Stored data entries
- Opening Delimiter -

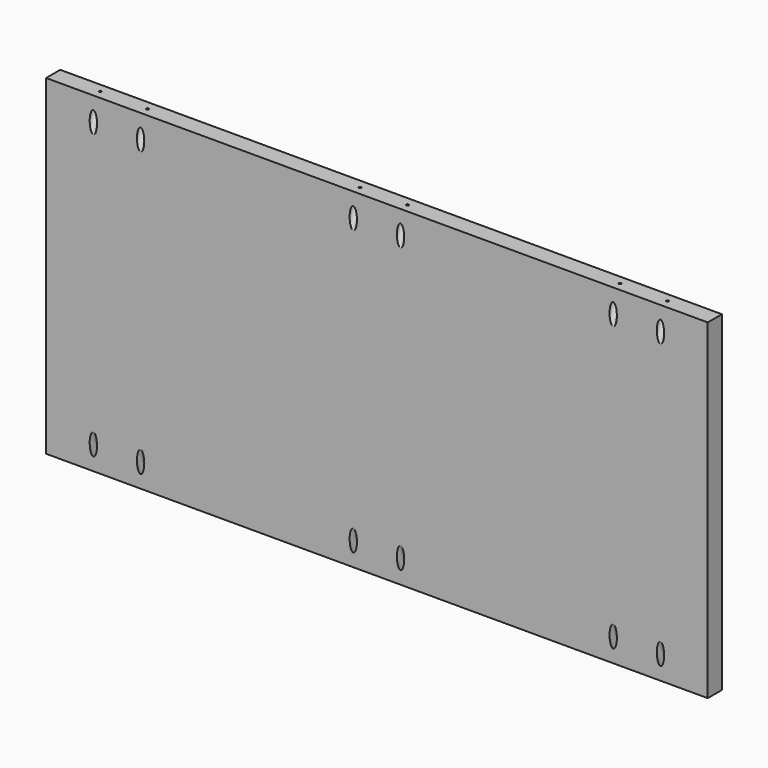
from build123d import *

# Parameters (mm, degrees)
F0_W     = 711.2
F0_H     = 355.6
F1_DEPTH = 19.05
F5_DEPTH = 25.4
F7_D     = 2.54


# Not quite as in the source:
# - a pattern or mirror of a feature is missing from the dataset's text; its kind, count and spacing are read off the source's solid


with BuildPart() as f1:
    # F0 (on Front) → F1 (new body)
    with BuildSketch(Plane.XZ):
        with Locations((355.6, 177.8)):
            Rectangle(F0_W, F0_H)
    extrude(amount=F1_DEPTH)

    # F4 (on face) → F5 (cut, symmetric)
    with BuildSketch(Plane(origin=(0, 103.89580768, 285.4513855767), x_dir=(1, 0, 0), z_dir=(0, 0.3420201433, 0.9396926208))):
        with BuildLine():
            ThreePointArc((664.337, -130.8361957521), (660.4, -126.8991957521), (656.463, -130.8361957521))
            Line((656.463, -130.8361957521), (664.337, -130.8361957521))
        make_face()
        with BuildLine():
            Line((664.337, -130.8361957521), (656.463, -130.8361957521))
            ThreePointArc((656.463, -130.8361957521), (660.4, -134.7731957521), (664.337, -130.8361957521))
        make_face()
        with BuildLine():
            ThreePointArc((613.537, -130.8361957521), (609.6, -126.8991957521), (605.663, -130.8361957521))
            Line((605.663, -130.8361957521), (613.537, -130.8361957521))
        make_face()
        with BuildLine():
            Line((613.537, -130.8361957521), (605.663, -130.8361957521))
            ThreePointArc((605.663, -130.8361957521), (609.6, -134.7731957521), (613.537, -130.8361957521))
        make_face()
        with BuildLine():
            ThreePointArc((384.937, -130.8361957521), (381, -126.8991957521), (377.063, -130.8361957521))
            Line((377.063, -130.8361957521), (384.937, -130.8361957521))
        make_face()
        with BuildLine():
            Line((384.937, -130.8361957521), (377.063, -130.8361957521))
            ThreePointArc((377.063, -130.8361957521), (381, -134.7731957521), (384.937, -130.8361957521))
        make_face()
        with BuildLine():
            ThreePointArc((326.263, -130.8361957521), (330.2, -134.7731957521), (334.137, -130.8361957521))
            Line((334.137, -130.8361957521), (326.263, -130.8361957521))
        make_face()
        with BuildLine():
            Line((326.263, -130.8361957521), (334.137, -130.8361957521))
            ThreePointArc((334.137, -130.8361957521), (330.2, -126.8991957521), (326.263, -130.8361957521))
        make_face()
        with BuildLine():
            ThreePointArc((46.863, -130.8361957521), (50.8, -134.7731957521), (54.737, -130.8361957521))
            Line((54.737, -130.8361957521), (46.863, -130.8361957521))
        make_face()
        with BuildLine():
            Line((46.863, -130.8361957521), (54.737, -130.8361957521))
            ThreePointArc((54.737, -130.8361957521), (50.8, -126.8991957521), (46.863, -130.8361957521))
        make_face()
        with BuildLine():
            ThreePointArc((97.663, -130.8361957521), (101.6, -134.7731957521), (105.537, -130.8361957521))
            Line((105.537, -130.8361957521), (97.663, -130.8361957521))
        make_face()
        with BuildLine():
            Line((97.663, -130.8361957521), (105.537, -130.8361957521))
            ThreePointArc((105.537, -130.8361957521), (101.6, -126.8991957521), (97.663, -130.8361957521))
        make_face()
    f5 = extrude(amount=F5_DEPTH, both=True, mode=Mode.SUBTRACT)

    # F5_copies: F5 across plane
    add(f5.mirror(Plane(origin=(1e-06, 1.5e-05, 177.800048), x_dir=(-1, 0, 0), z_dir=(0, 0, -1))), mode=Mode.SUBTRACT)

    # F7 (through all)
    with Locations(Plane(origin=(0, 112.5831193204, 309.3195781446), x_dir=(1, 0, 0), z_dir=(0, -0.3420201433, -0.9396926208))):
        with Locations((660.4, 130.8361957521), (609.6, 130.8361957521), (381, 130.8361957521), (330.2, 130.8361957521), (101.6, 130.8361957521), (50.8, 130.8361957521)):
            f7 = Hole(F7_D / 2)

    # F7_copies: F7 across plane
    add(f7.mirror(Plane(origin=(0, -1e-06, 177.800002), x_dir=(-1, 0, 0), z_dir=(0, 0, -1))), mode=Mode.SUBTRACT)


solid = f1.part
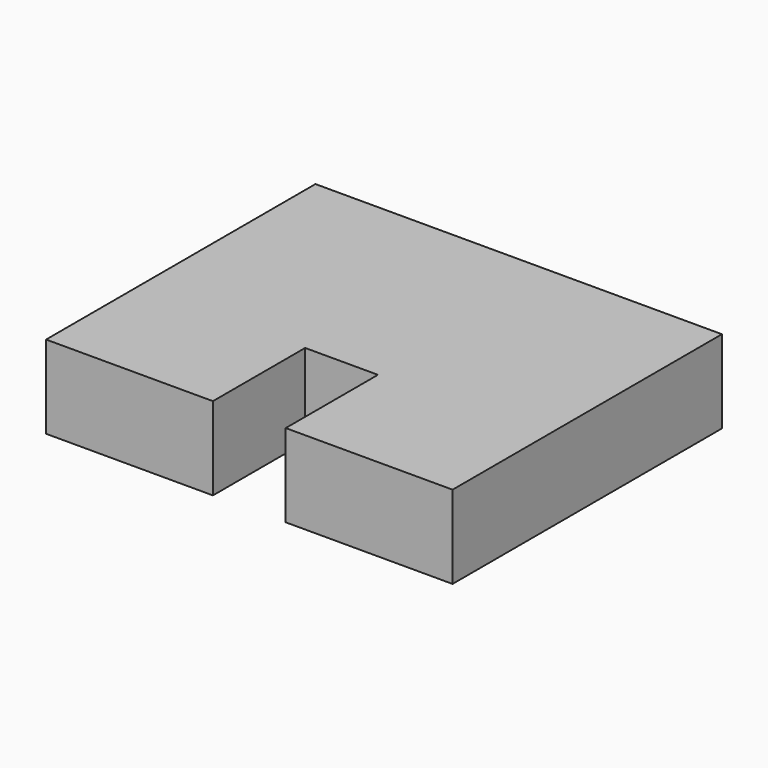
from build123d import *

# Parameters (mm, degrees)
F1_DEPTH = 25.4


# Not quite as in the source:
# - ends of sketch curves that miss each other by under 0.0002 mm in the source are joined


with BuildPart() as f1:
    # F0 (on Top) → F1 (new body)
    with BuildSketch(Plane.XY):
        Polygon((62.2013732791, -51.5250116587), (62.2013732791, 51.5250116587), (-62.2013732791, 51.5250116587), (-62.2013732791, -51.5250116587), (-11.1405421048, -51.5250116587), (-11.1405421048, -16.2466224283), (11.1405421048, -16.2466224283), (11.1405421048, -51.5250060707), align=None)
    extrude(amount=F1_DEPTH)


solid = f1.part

- Closing Delimiter -

* **Requirement**: Output all the records, word for word, with no pictures in the copy.

* **Task output**:
from build123d import *

# Parameters (mm, degrees)
F0_W     = 711.2
F0_H     = 355.6
F1_DEPTH = 19.05
F5_DEPTH = 25.4
F7_D     = 2.54


# Not quite as in the source:
# - a pattern or mirror of a feature is missing from the dataset's text; its kind, count and spacing are read off the source's solid


with BuildPart() as f1:
    # F0 (on Front) → F1 (new body)
    with BuildSketch(Plane.XZ):
        with Locations((355.6, 177.8)):
            Rectangle(F0_W, F0_H)
    extrude(amount=F1_DEPTH)

    # F4 (on face) → F5 (cut, symmetric)
    with BuildSketch(Plane(origin=(0, 103.89580768, 285.4513855767), x_dir=(1, 0, 0), z_dir=(0, 0.3420201433, 0.9396926208))):
        with BuildLine():
            ThreePointArc((664.337, -130.8361957521), (660.4, -126.8991957521), (656.463, -130.8361957521))
            Line((656.463, -130.8361957521), (664.337, -130.8361957521))
        make_face()
        with BuildLine():
            Line((664.337, -130.8361957521), (656.463, -130.8361957521))
            ThreePointArc((656.463, -130.8361957521), (660.4, -134.7731957521), (664.337, -130.8361957521))
        make_face()
        with BuildLine():
            ThreePointArc((613.537, -130.8361957521), (609.6, -126.8991957521), (605.663, -130.8361957521))
            Line((605.663, -130.8361957521), (613.537, -130.8361957521))
        make_face()
        with BuildLine():
            Line((613.537, -130.8361957521), (605.663, -130.8361957521))
            ThreePointArc((605.663, -130.8361957521), (609.6, -134.7731957521), (613.537, -130.8361957521))
        make_face()
        with BuildLine():
            ThreePointArc((384.937, -130.8361957521), (381, -126.8991957521), (377.063, -130.8361957521))
            Line((377.063, -130.8361957521), (384.937, -130.8361957521))
        make_face()
        with BuildLine():
            Line((384.937, -130.8361957521), (377.063, -130.8361957521))
            ThreePointArc((377.063, -130.8361957521), (381, -134.7731957521), (384.937, -130.8361957521))
        make_face()
        with BuildLine():
            ThreePointArc((326.263, -130.8361957521), (330.2, -134.7731957521), (334.137, -130.8361957521))
            Line((334.137, -130.8361957521), (326.263, -130.8361957521))
        make_face()
        with BuildLine():
            Line((326.263, -130.8361957521), (334.137, -130.8361957521))
            ThreePointArc((334.137, -130.8361957521), (330.2, -126.8991957521), (326.263, -130.8361957521))
        make_face()
        with BuildLine():
            ThreePointArc((46.863, -130.8361957521), (50.8, -134.7731957521), (54.737, -130.8361957521))
            Line((54.737, -130.8361957521), (46.863, -130.8361957521))
        make_face()
        with BuildLine():
            Line((46.863, -130.8361957521), (54.737, -130.8361957521))
            ThreePointArc((54.737, -130.8361957521), (50.8, -126.8991957521), (46.863, -130.8361957521))
        make_face()
        with BuildLine():
            ThreePointArc((97.663, -130.8361957521), (101.6, -134.7731957521), (105.537, -130.8361957521))
            Line((105.537, -130.8361957521), (97.663, -130.8361957521))
        make_face()
        with BuildLine():
            Line((97.663, -130.8361957521), (105.537, -130.8361957521))
            ThreePointArc((105.537, -130.8361957521), (101.6, -126.8991957521), (97.663, -130.8361957521))
        make_face()
    f5 = extrude(amount=F5_DEPTH, both=True, mode=Mode.SUBTRACT)

    # F5_copies: F5 across plane
    add(f5.mirror(Plane(origin=(1e-06, 1.5e-05, 177.800048), x_dir=(-1, 0, 0), z_dir=(0, 0, -1))), mode=Mode.SUBTRACT)

    # F7 (through all)
    with Locations(Plane(origin=(0, 112.5831193204, 309.3195781446), x_dir=(1, 0, 0), z_dir=(0, -0.3420201433, -0.9396926208))):
        with Locations((660.4, 130.8361957521), (609.6, 130.8361957521), (381, 130.8361957521), (330.2, 130.8361957521), (101.6, 130.8361957521), (50.8, 130.8361957521)):
            f7 = Hole(F7_D / 2)

    # F7_copies: F7 across plane
    add(f7.mirror(Plane(origin=(0, -1e-06, 177.800002), x_dir=(-1, 0, 0), z_dir=(0, 0, -1))), mode=Mode.SUBTRACT)


solid = f1.part
from build123d import *

# Parameters (mm, degrees)
F1_DEPTH = 25.4


# Not quite as in the source:
# - ends of sketch curves that miss each other by under 0.0002 mm in the source are joined


with BuildPart() as f1:
    # F0 (on Top) → F1 (new body)
    with BuildSketch(Plane.XY):
        Polygon((62.2013732791, -51.5250116587), (62.2013732791, 51.5250116587), (-62.2013732791, 51.5250116587), (-62.2013732791, -51.5250116587), (-11.1405421048, -51.5250116587), (-11.1405421048, -16.2466224283), (11.1405421048, -16.2466224283), (11.1405421048, -51.5250060707), align=None)
    extrude(amount=F1_DEPTH)


solid = f1.part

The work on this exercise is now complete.